> ABOUT THIS TASK
Please output the following records exactly. Leave every image out.

==== PROVIDED INFORMATION

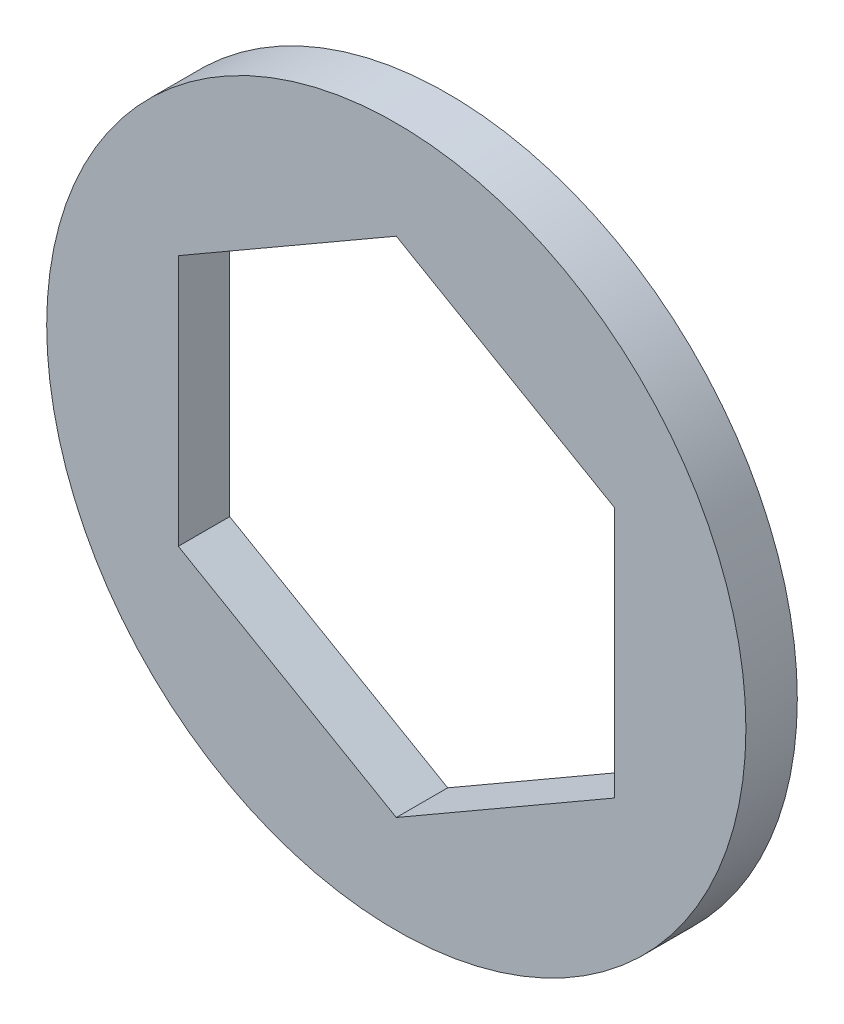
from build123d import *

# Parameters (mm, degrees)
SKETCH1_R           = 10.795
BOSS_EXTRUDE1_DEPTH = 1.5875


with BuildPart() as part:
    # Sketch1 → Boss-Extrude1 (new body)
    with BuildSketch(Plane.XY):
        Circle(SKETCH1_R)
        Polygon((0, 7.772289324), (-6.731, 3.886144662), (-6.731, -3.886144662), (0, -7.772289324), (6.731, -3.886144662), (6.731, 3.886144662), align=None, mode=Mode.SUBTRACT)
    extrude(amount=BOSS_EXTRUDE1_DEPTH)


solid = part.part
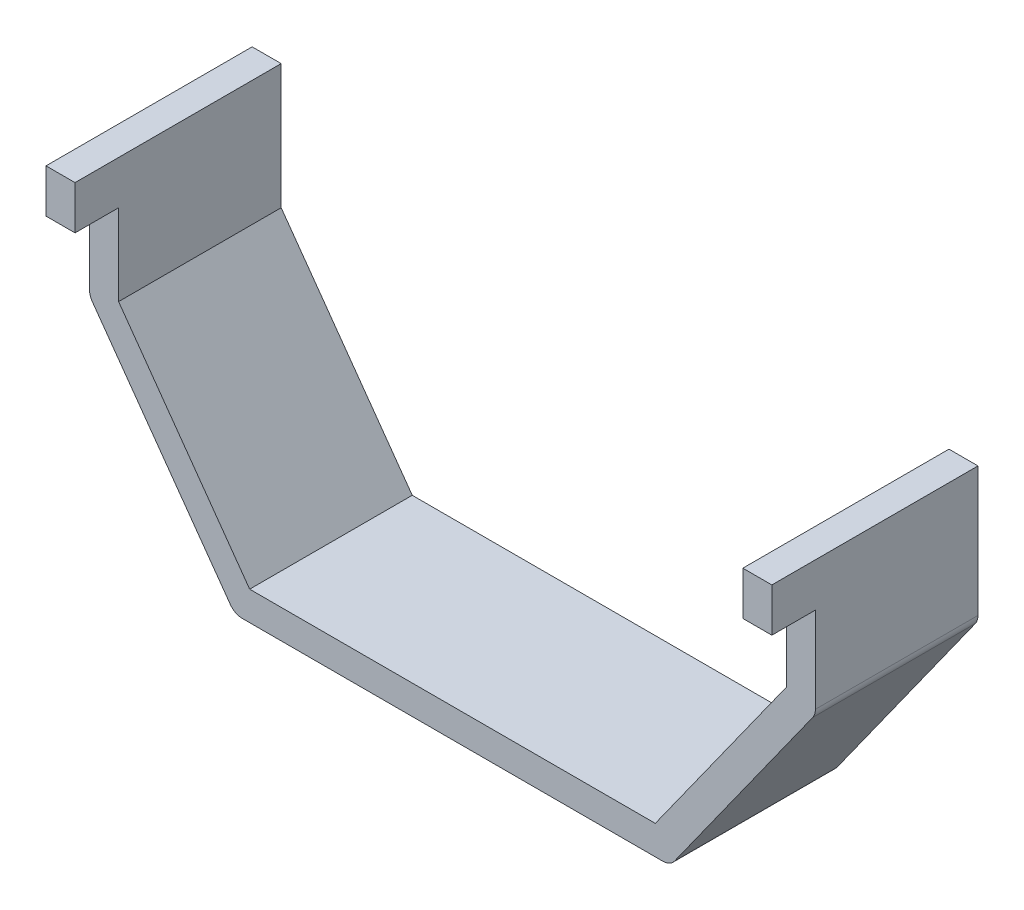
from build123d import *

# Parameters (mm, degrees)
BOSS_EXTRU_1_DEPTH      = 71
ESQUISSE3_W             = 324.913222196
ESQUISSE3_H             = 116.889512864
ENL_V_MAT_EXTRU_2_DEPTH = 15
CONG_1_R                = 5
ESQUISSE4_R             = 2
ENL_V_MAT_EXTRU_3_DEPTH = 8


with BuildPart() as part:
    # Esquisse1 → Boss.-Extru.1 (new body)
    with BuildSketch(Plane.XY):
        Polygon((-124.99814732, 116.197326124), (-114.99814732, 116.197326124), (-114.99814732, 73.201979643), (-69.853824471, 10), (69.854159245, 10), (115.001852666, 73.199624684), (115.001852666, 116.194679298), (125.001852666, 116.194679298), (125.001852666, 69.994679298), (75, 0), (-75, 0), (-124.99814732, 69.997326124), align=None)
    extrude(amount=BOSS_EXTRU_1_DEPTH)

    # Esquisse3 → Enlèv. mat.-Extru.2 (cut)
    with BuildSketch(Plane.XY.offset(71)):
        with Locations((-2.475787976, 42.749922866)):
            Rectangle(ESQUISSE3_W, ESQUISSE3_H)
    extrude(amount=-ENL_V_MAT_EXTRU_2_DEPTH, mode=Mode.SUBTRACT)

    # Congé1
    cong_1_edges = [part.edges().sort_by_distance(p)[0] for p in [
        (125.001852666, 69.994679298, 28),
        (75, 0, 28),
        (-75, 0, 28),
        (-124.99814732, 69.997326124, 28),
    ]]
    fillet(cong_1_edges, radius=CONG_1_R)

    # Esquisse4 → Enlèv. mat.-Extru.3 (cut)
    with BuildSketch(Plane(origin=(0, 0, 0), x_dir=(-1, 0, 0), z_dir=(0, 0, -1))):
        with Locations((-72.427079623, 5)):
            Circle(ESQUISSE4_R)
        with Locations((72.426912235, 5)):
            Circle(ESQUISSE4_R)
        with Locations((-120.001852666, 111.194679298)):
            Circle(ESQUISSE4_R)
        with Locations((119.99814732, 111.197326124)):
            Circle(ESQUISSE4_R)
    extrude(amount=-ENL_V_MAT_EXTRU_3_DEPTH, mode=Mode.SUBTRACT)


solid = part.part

========

> TASK RESPONSE
from build123d import *

# Parameters (mm, degrees)
SKETCH1_R           = 10.795
BOSS_EXTRUDE1_DEPTH = 1.5875


with BuildPart() as part:
    # Sketch1 → Boss-Extrude1 (new body)
    with BuildSketch(Plane.XY):
        Circle(SKETCH1_R)
        Polygon((0, 7.772289324), (-6.731, 3.886144662), (-6.731, -3.886144662), (0, -7.772289324), (6.731, -3.886144662), (6.731, 3.886144662), align=None, mode=Mode.SUBTRACT)
    extrude(amount=BOSS_EXTRUDE1_DEPTH)


solid = part.part
from build123d import *

# Parameters (mm, degrees)
BOSS_EXTRU_1_DEPTH      = 71
ESQUISSE3_W             = 324.913222196
ESQUISSE3_H             = 116.889512864
ENL_V_MAT_EXTRU_2_DEPTH = 15
CONG_1_R                = 5
ESQUISSE4_R             = 2
ENL_V_MAT_EXTRU_3_DEPTH = 8


with BuildPart() as part:
    # Esquisse1 → Boss.-Extru.1 (new body)
    with BuildSketch(Plane.XY):
        Polygon((-124.99814732, 116.197326124), (-114.99814732, 116.197326124), (-114.99814732, 73.201979643), (-69.853824471, 10), (69.854159245, 10), (115.001852666, 73.199624684), (115.001852666, 116.194679298), (125.001852666, 116.194679298), (125.001852666, 69.994679298), (75, 0), (-75, 0), (-124.99814732, 69.997326124), align=None)
    extrude(amount=BOSS_EXTRU_1_DEPTH)

    # Esquisse3 → Enlèv. mat.-Extru.2 (cut)
    with BuildSketch(Plane.XY.offset(71)):
        with Locations((-2.475787976, 42.749922866)):
            Rectangle(ESQUISSE3_W, ESQUISSE3_H)
    extrude(amount=-ENL_V_MAT_EXTRU_2_DEPTH, mode=Mode.SUBTRACT)

    # Congé1
    cong_1_edges = [part.edges().sort_by_distance(p)[0] for p in [
        (125.001852666, 69.994679298, 28),
        (75, 0, 28),
        (-75, 0, 28),
        (-124.99814732, 69.997326124, 28),
    ]]
    fillet(cong_1_edges, radius=CONG_1_R)

    # Esquisse4 → Enlèv. mat.-Extru.3 (cut)
    with BuildSketch(Plane(origin=(0, 0, 0), x_dir=(-1, 0, 0), z_dir=(0, 0, -1))):
        with Locations((-72.427079623, 5)):
            Circle(ESQUISSE4_R)
        with Locations((72.426912235, 5)):
            Circle(ESQUISSE4_R)
        with Locations((-120.001852666, 111.194679298)):
            Circle(ESQUISSE4_R)
        with Locations((119.99814732, 111.197326124)):
            Circle(ESQUISSE4_R)
    extrude(amount=-ENL_V_MAT_EXTRU_3_DEPTH, mode=Mode.SUBTRACT)


solid = part.part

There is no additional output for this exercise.